Feedback on a script is a weird beast. EVERYTHING is subjective, but if enough people say the same thing, you should pop up and listen. While I’m not endorsing the Bluecat screenplay contest, this gives you a solid example of the type of feedback you can expect. A lot of contests aren’t as transparent at the type of feedback they offer, so I think this was worthwhile to share with any of you who are curious.
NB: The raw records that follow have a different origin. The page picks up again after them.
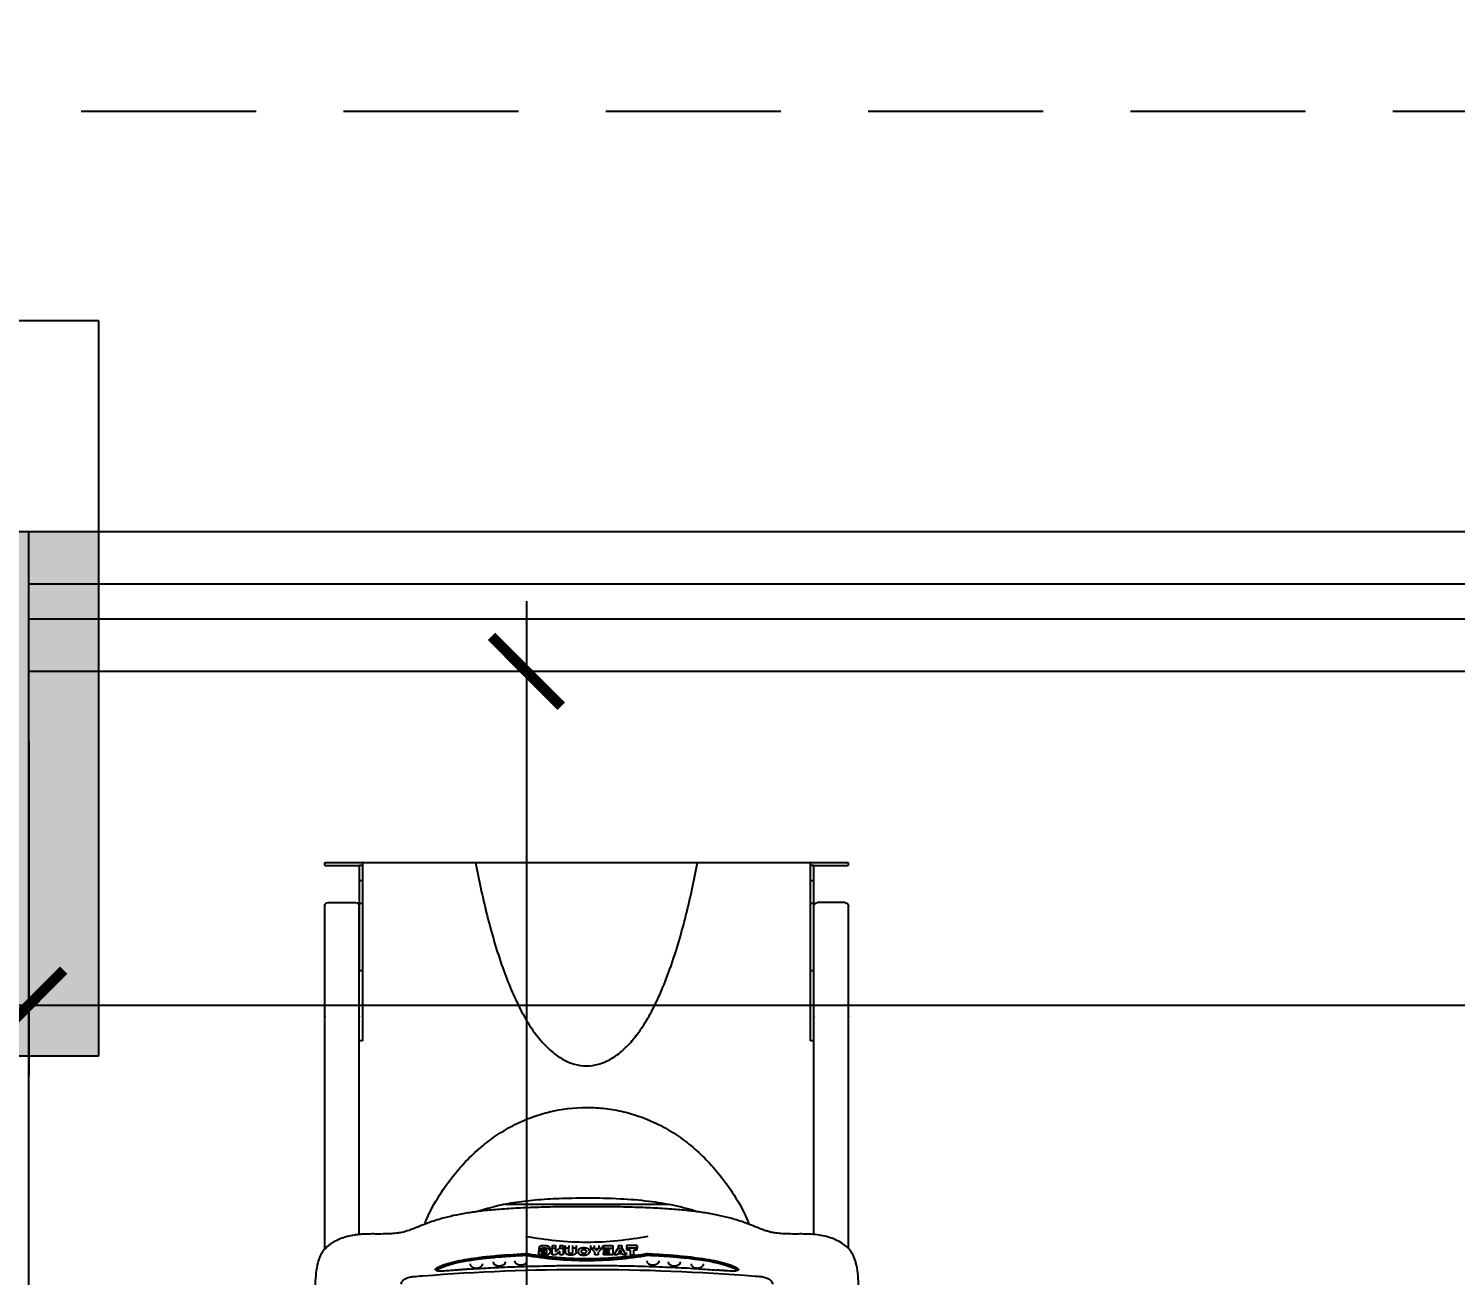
# Model space of a CAD drawing. Extents: x -32840 to 422982, y 280745 to 888746.
# Drawn here: x 78778 to 80817, y 817425 to 819206 of the extents above; entities that cross this region are included whole.
import ezdxf

# ---------------------------------------------------------------- set-up
doc = ezdxf.new("R2010")
doc.units = 0
doc.header["$LTSCALE"] = 1000
doc.header["$PDMODE"] = 3
doc.linetypes.add('CONTINOUS', pattern=[0])
doc.linetypes.add('HIDDEN', pattern=[0.375, 0.25, -0.125])
doc.layers.get('Defpoints').update_dxf_attribs({"linetype": 'HIDDEN'})
for name, color, linetype in [('A-Chejja', 5, 'HIDDEN'), ('a-dim', 3, 'Continuous'), ('A-WALL', 7, 'CONTINOUS'), ('a-win', 1, 'Continuous'), ('S-RCWALL', 10, 'Continuous'), ('S-RCWALL HATCH', 165, 'Continuous')]:
    doc.layers.add(name, color=color, linetype=linetype)
doc.layers.add('A-FUR', color=33, linetype='Continuous', plot=False, transparency=0.5)
doc.styles.add('ROMANS', font='romans.shx', dxfattribs={"width": 0.8})
doc.dimstyles.new('dim-1', dxfattribs={"dimscale": 100, "dimtxt": 2.25, "dimasz": 1, "dimexe": 1, "dimexo": 1, "dimgap": 0.5, "dimtad": 1, "dimdec": 0, "dimzin": 3, "dimdsep": 46, "dimtxsty": 'ROMANS', "dimblk": 'ARCHTICK', "dimcen": 0.0625, "dimdle": 1, "dimclrd": 256, "dimclre": 256, "dimclrt": 6, "dimadec": 0, "dimazin": 0, "dimtfac": 1, "dimtdec": 0, "dimtix": 1, "dimtmove": 1, "dimatfit": 3, "dimfxl": 1, "dimfrac": 2, "dimtolj": 1, "dimtzin": 3, "dimarcsym": 0})

# ---------------------------------------------------------------- blocks, each defined once
blk = doc.blocks.new('_ArchTick')
at = {"color": 0, "linetype": 'ByBlock', "const_width": 0.15}
blk.add_lwpolyline([(-0.5, -0.5), (0.5, 0.5)], dxfattribs=at)
blk = doc.blocks.new('*D1335')
at = {"layer": 'a-dim', "lineweight": -2, "transparency": 16777216}
for p, q in [((78777.9, 818187.9, 0), (78777.9, 817710.8, 0)), ((87577.9, 818187.9, 0), (87577.9, 817710.8, 0)), ((78677.9, 817810.8, 0), (87677.9, 817810.8, 0))]:
    blk.add_line(p, q, dxfattribs=at)
at = {"layer": 'Defpoints', "color": 0, "transparency": 16777216}
for p in [(78777.9, 818287.9, 0), (87577.9, 818287.9, 0), (87577.9, 817810.8, 0)]:
    blk.add_point(p, dxfattribs=at)
at = {"layer": 'a-dim', "lineweight": -2, "transparency": 16777216, "xscale": 100, "yscale": 100, "zscale": 100, "rotation": 180}
blk.add_blockref('_ArchTick', (78777.9, 817810.8, 0), dxfattribs=at)
at = {"layer": 'a-dim', "lineweight": -2, "transparency": 16777216, "xscale": 100, "yscale": 100, "zscale": 100}
blk.add_blockref('_ArchTick', (87577.9, 817810.8, 0), dxfattribs=at)
at = {"layer": 'a-dim', "color": 6, "transparency": 16777216, "insert": (83177.9, 817973.3, 0), "char_height": 225, "attachment_point": 5, "style": 'ROMANS'}
blk.add_mtext('\\A1;8800', dxfattribs=at)
blk = doc.blocks.new('*D1336')
at = {"layer": 'a-dim', "lineweight": -2, "transparency": 16777216}
for p, q in [((79489.3, 818387.9, 0), (79489.3, 812087.9, 0)), ((78877.9, 818287.9, 0), (79589.3, 818287.9, 0)), ((78877.9, 812187.9, 0), (79589.3, 812187.9, 0))]:
    blk.add_line(p, q, dxfattribs=at)
at = {"layer": 'Defpoints', "color": 0, "transparency": 16777216}
for p in [(78777.9, 818287.9, 0), (78777.9, 812187.9, 0), (79489.3, 812187.9, 0)]:
    blk.add_point(p, dxfattribs=at)
at = {"layer": 'a-dim', "lineweight": -2, "transparency": 16777216, "xscale": 100, "yscale": 100, "zscale": 100}
for p, rotation in [((79489.3, 818287.9, 0), 90), ((79489.3, 812187.9, 0), 270)]:
    blk.add_blockref('_ArchTick', p, dxfattribs=dict(at, rotation=rotation))
at = {"layer": 'a-dim', "color": 6, "transparency": 16777216, "insert": (79326.8, 815237.9, 0), "char_height": 225, "attachment_point": 5, "rotation": 90, "style": 'ROMANS'}
blk.add_mtext('\\A1;6100', dxfattribs=at)
blk = doc.blocks.new('REC-GYM-01')
for p, q in [((470.292, -920.657), (470.203, -920.652)), ((486.549, -920.653), (486.444, -920.658)), ((486.984, -920.669), (486.977, -920.666)), ((486.983, -920.673), (486.984, -920.669)), ((463.39, -921.902), (463.39, -941.526)), ((474.866, -921.554), (474.866, -921.639)), ((474.873, -921.639), (474.877, -921.639)), ((475.638, -921.627), (475.638, -921.795)), ((475.638, -921.937), (475.638, -921.795)), ((475.638, -921.795), (475.946, -921.795)), ((475.839, -921.839), (475.647, -921.86)), ((475.647, -922.002), (475.647, -921.86)), ((475.813, -921.713), (475.813, -921.676)), ((475.946, -921.713), (475.813, -921.713)), ((475.946, -921.795), (475.946, -921.713)), ((475.946, -921.937), (475.946, -921.795)), ((476.294, -921.767), (476.294, -921.909)), ((476.402, -921.57), (476.402, -921.965)), ((476.59, -921.57), (476.402, -921.57)), ((476.402, -922.107), (476.402, -921.965)), ((476.402, -921.965), (476.59, -921.965)), ((476.831, -921.787), (476.59, -921.57)), ((476.59, -921.746), (476.832, -921.965)), ((476.59, -921.965), (476.59, -921.746)), ((476.59, -922.107), (476.59, -921.965)), ((476.831, -921.57), (476.831, -921.787)), ((477.018, -921.57), (476.831, -921.57)), ((476.832, -922.107), (476.832, -921.965)), ((476.832, -921.965), (477.018, -921.965)), ((477.018, -921.965), (477.018, -921.57)), ((477.018, -922.107), (477.018, -921.965)), ((477.151, -921.965), (477.151, -921.729)), ((477.151, -922.107), (477.151, -921.965)), ((477.35, -921.965), (477.151, -921.965)), ((477.35, -921.724), (477.35, -921.965)), ((477.35, -922.107), (477.35, -921.965)), ((477.57, -921.965), (477.57, -921.724)), ((477.57, -922.107), (477.57, -921.965)), ((477.769, -921.965), (477.57, -921.965)), ((477.769, -921.729), (477.769, -921.965)), ((477.769, -922.107), (477.769, -921.965)), ((477.876, -921.912), (477.876, -921.77)), ((478.544, -921.909), (478.544, -921.767)), ((478.833, -921.735), (478.583, -921.965)), ((478.583, -922.107), (478.583, -921.965)), ((478.583, -921.965), (478.803, -921.965)), ((478.803, -921.965), (478.933, -921.831)), ((478.803, -922.107), (478.803, -921.965)), ((478.833, -921.57), (478.833, -921.735)), ((479.033, -921.57), (478.833, -921.57)), ((478.933, -921.974), (478.933, -921.831)), ((478.933, -921.831), (479.063, -921.965)), ((479.033, -921.735), (479.033, -921.57)), ((479.284, -921.965), (479.033, -921.735)), ((479.063, -922.107), (479.063, -921.965)), ((479.063, -921.965), (479.284, -921.965)), ((479.284, -922.107), (479.284, -921.965)), ((479.326, -921.57), (479.326, -921.659)), ((479.869, -921.57), (479.326, -921.57)), ((479.326, -921.801), (479.326, -921.659)), ((479.326, -921.659), (479.669, -921.659)), ((479.335, -921.88), (479.335, -921.965)), ((479.669, -921.88), (479.335, -921.88)), ((479.335, -922.107), (479.335, -921.965)), ((479.335, -921.965), (479.869, -921.965)), ((479.36, -921.737), (479.36, -921.818)), ((479.669, -921.737), (479.36, -921.737)), ((479.36, -921.818), (479.669, -921.818)), ((479.669, -921.659), (479.669, -921.737)), ((479.669, -921.818), (479.669, -921.88)), ((479.869, -921.965), (479.869, -921.57)), ((479.869, -922.107), (479.869, -921.965)), ((479.932, -921.712), (479.932, -921.57)), ((479.932, -921.57), (480.174, -921.965)), ((480.14, -921.57), (479.932, -921.57)), ((480.172, -921.635), (480.14, -921.57)), ((480.398, -921.635), (480.172, -921.635)), ((480.174, -922.107), (480.174, -921.965)), ((480.174, -921.965), (480.391, -921.965)), ((480.214, -921.72), (480.285, -921.862)), ((480.355, -921.72), (480.214, -921.72)), ((480.285, -921.862), (480.355, -921.72)), ((480.391, -921.965), (480.633, -921.57)), ((480.391, -922.107), (480.391, -921.965)), ((480.43, -921.57), (480.398, -921.635)), ((480.633, -921.57), (480.43, -921.57)), ((480.633, -921.712), (480.633, -921.57)), ((480.658, -921.867), (480.861, -921.867)), ((480.658, -921.965), (480.658, -921.867)), ((480.658, -922.107), (480.658, -921.965)), ((481.264, -921.965), (480.658, -921.965)), ((480.861, -921.57), (481.061, -921.57)), ((480.861, -921.867), (480.861, -921.57)), ((481.061, -921.57), (481.061, -921.867)), ((481.061, -921.867), (481.264, -921.867)), ((481.264, -921.867), (481.264, -921.965)), ((481.264, -922.107), (481.264, -921.965)), ((481.885, -921.639), (481.89, -921.639)), ((481.897, -921.639), (481.897, -921.554)), ((493.335, -921.943), (493.335, -941.526)), ((465.359, -922.741), (465.359, -941.526)), ((476.402, -922.107), (476.59, -922.107)), ((476.832, -922.107), (477.018, -922.107)), ((479.335, -922.107), (479.869, -922.107)), ((480.174, -922.107), (480.391, -922.107)), ((481.264, -922.107), (480.658, -922.107)), ((491.367, -922.745), (491.367, -941.526)), ((469.158, -923.456), (469.162, -923.467)), ((469.162, -923.466), (469.162, -923.466)), ((487.599, -923.467), (487.603, -923.457)), ((487.599, -923.467), (487.599, -923.466)), ((472.083, -924.053), (472.038, -924.038)), ((483.061, -924.456), (473.668, -924.456)), ((478.381, -924.815), (478.365, -924.815)), ((470.774, -926.128), (470.776, -926.131)), ((485.986, -926.131), (485.987, -926.128)), ((478.365, -930.005), (478.381, -930.005)), ((465.561, -933.811), (465.359, -933.815)), ((465.561, -944.008), (465.561, -933.811)), ((491.367, -933.815), (491.168, -933.811)), ((491.168, -933.811), (491.168, -944.008)), ((465.359, -937.836), (465.561, -937.836)), ((465.372, -943.83), (465.372, -937.836)), ((473.573, -937.979), (473.575, -937.975)), ((483.154, -937.975), (483.156, -937.979)), ((491.168, -937.836), (491.367, -937.836)), ((491.357, -937.836), (491.357, -943.83)), ((463.587, -941.723), (465.162, -941.723)), ((465.372, -941.688), (465.561, -941.688)), ((491.168, -941.687), (491.357, -941.687)), ((493.138, -941.723), (491.564, -941.723)), ((465.561, -942.964), (465.372, -942.964)), ((491.357, -942.963), (491.168, -942.963)), ((463.404, -943.83), (465.372, -943.83)), ((463.404, -943.83), (463.404, -944.008)), ((463.404, -944.008), (465.561, -944.008)), ((465.561, -943.83), (465.372, -943.83)), ((465.585, -944.008), (465.561, -944.008)), ((465.561, -944.008), (465.585, -944.008)), ((465.561, -944.008), (472.021, -944.008)), ((465.562, -944.008), (465.652, -944.008)), ((472.021, -944.008), (473.587, -944.008)), ((473.587, -944.008), (480.541, -944.008)), ((480.541, -944.008), (484.708, -944.008)), ((484.708, -944.008), (491.168, -944.008)), ((491.077, -944.008), (491.167, -944.008)), ((491.168, -944.008), (491.144, -944.008)), ((491.144, -944.008), (491.168, -944.008)), ((491.357, -943.83), (491.168, -943.83)), ((491.168, -944.008), (493.325, -944.008)), ((491.357, -943.83), (493.325, -943.83)), ((493.325, -944.008), (493.325, -943.83))]:
    blk.add_line(p, q)
for centre, radius, start, end in [((469.893, -920.603), 0.133, 216.70358, 225.21105), ((470.008, -920.486), 0.298, 225.34302, 230.49245), ((469.877, -920.936), 0.284, 92.75234, 102.67428), ((470.167, -920.294), 0.547, 230.45467, 235.1017), ((470.363, -920.012), 0.891, 235.11613, 241.45884), ((469.973, -921.903), 1.256, 91.54443, 95.03849), ((470.588, -919.6), 1.359, 241.42951, 245.78703), ((470.002, -923.193), 2.547, 88.83837, 91.41453), ((471.05, -918.565), 2.493, 245.86504, 249.57918), ((469.931, -926.441), 5.795, 87.30929, 88.78513), ((471.794, -916.548), 4.643, 249.65972, 251.91146), ((469.87, -928.925), 8.279, 85.69042, 87.07957), ((472.415, -914.634), 6.655, 251.94256, 253.86348), ((467.941, -957.083), 36.503, 85.30835, 85.9926), ((472.397, -914.727), 6.561, 253.792, 256.16518), ((472.763, -913.243), 8.089, 256.16083, 258.58106), ((473.554, -909.27), 12.14, 258.63305, 260.73306), ((474.187, -888.694), 32.167, 265.52317, 266.34002), ((475.63, -867.976), 52.935, 266.21259, 267.50716), ((477.45, -827.528), 93.423, 267.47113, 267.92954), ((479.704, -764.13), 156.861, 267.94335, 268.21649), ((479.186, -779.482), 141.501, 268.2328, 268.92732), ((478.145, -832.38), 88.592, 268.95958, 269.57776), ((477.945, -861.066), 59.906, 269.56733, 270.43028), ((478.842, -867.73), 53.242, 269.51887, 270.46754), ((478.482, -823.609), 97.365, 270.46754, 271.02506), ((477.782, -787.523), 133.458, 271.0481, 271.78544), ((476.889, -758.995), 161.999, 271.78689, 272.06665), ((479.346, -828.377), 92.574, 272.09528, 272.53252), ((480.923, -864.253), 56.663, 272.54217, 273.90931), ((480.722, -861.961), 58.963, 273.95309, 274.94458), ((483.611, -911.409), 9.964, 279.77182, 282.28469), ((484.239, -914.254), 7.051, 282.21458, 284.99402), ((484.065, -913.667), 7.662, 285.11445, 287.13019), ((487.076, -931.958), 11.317, 93.20045, 94.21702), ((484.711, -915.777), 5.455, 287.17396, 289.44197), ((485.517, -918.067), 3.028, 289.48079, 292.61103), ((486.785, -925.117), 4.47, 91.08535, 93.02787), ((485.854, -918.921), 2.111, 293.07698, 296.6087), ((486.76, -923.328), 2.681, 88.76671, 91.28132), ((486.455, -920.106), 0.782, 296.15731, 308.04283), ((486.79, -921.915), 1.268, 85.1769, 88.71549), ((486.847, -921.223), 0.573, 79.7729, 85.1151), ((486.705, -920.428), 0.374, 308.24286, 312.98246), ((486.914, -920.852), 0.197, 71.12841, 79.61227), ((486.834, -920.57), 0.182, 313.82213, 321.08376), ((486.937, -920.654), 0.0494, 321.08376, 337.20507), ((474.164, -905.521), 15.939, 260.73937, 261.65421), ((474.558, -902.847), 18.642, 261.6506, 262.56557), ((475.082, -898.803), 22.719, 262.57262, 263.32567), ((475.311, -896.946), 24.59, 263.29852, 264.25138), ((475.85, -891.701), 29.863, 264.23162, 265.9642), ((476.692, -879.767), 41.827, 265.9642, 267.49816), ((474.874, -921.586), 0.062, 267.27018, 279.36644), ((474.874, -921.586), 0.062, 267.27018, 279.36644), ((475.969, -922.387), 0.829, 102.14152, 113.50572), ((475.783, -921.8), 0.148, 203.61774, 235.86859), ((475.783, -921.943), 0.148, 203.61774, 235.86859), ((475.847, -921.694), 0.272, 237.21666, 257.38581), ((475.926, -922.189), 0.627, 87.32223, 102.14152), ((475.955, -922.035), 0.386, 100.84742, 111.59404), ((475.906, -921.801), 0.0767, 209.49231, 249.73539), ((475.946, -921.692), 0.193, 249.73539, 271.64536), ((475.946, -921.995), 0.346, 90, 100.62499), ((476.123, -921.766), 0.171, 318.24454, 359.45151), ((476.124, -921.908), 0.171, 318.18486, 359.51119), ((476.124, -921.768), 0.17, 0.15868, 39.99702), ((476.13, -921.908), 0.165, 359.51119, 25.01886), ((477.274, -921.727), 0.122, 148.70464, 181.14416), ((477.319, -921.762), 0.18, 121.74001, 146.76018), ((477.352, -921.806), 0.235, 101.71566, 122.86945), ((477.442, -922.281), 0.718, 89.81318, 101.00335), ((477.408, -921.724), 0.0586, 120.10497, 180), ((477.358, -925.045), 3.483, 86.90208, 88.59105), ((477.508, -921.726), 0.062, 2.01856, 58.13863), ((477.535, -921.914), 0.347, 72.41103, 88.03662), ((477.523, -921.903), 0.341, 57.08384, 69.94808), ((477.642, -921.721), 0.123, 28.33785, 57.65132), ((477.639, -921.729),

This isn’t “coverage” in the traditional sense of the word. I think the term “feedback” is adequate. But many contests say they offer “feedback” and it’s more like what I mentioned above. Bluecat seems to be taking a different approach, and I can respect that. They offer a more in-depth notes service, like the other contests, but I thought it was worth pointing out that their normal “feedback” seems superior to most efforts.
Also, there is the possibility that Dan just got two readers who happened to go above and beyond what they needed to do with their feedback. That’s completely possible. However, I’m willing to give Bluecat the benefit of the doubt here.